● Exercise requirements: Return every line of the entries that includes the word "OpenCascade".

Records contained in a dataset
+---+

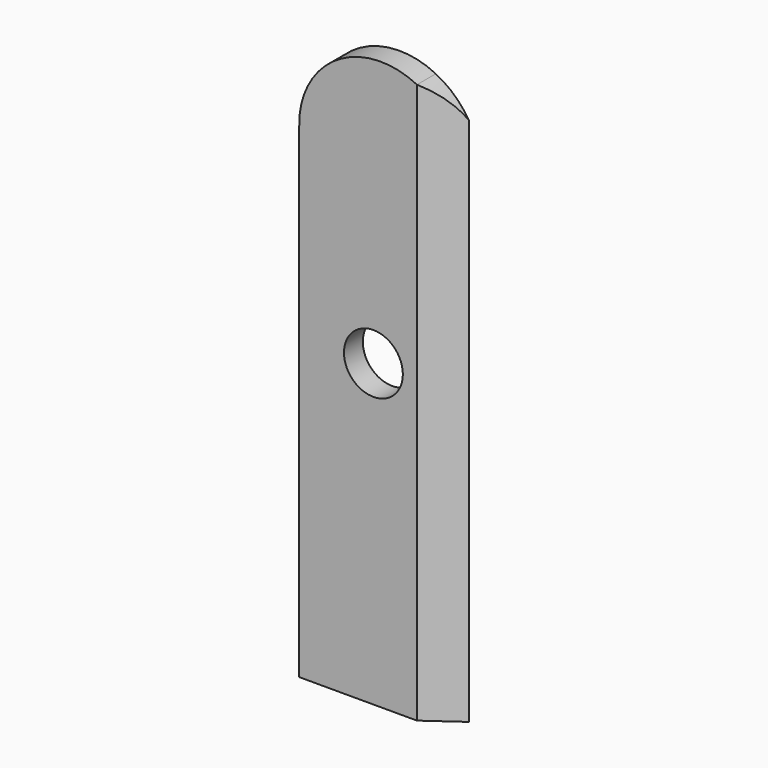
from build123d import *

# Parameters (mm, degrees)
F0_R     = 0.125
F1_DEPTH = 0.1
F2_SIZE2 = 0.09999
F2_SIZE  = 0.13999


# Not quite as in the source:
# - a fillet or chamfer is up to 0.001 mm smaller than in the source, because OpenCascade refuses the exact size


with BuildPart() as f1:
    # F0 (on Front) → F1 (new body)
    with BuildSketch(Plane.XZ):
        with BuildLine():
            Line((0, 2.06), (0, 0))
            Line((0, 0), (0.5, 0))
            Line((0.5, 0), (0.5, 2.3774036342))
            ThreePointArc((0.5, 2.3774036342), (0.1605070536, 2.3596783794), (0, 2.06))
        make_face()
        with Locations((0.315, 1.275)):
            Circle(F0_R, mode=Mode.SUBTRACT)
        with BuildLine():
            Line((0.5, 2.3774036342), (0.5, 0))
            Line((0.5, 0), (0.64, 0))
            Line((0.64, 0), (0.64, 2.25))
            ThreePointArc((0.64, 2.25), (0.5788806325, 2.3234604755), (0.5, 2.3774036342))
        make_face()
    extrude(amount=F1_DEPTH)

    # F2 (size 0.14 and 0.1 in the source; OpenCascade refuses exactly that, so slightly less here)
    f2_edges = [f1.edges().sort_by_distance(p)[0] for p in [
        (0.64, -0.1, 1.125),
    ]]
    f2_side = f1.faces().sort_by_distance((0.02497, -0.1, 1.03))[0]
    chamfer(f2_edges, length=F2_SIZE, length2=F2_SIZE2, reference=f2_side)


solid = f1.part

+---+

● Written solution:
# - a fillet or chamfer is up to 0.001 mm smaller than in the source, because OpenCascade refuses the exact size
    # F2 (size 0.14 and 0.1 in the source; OpenCascade refuses exactly that, so slightly less here)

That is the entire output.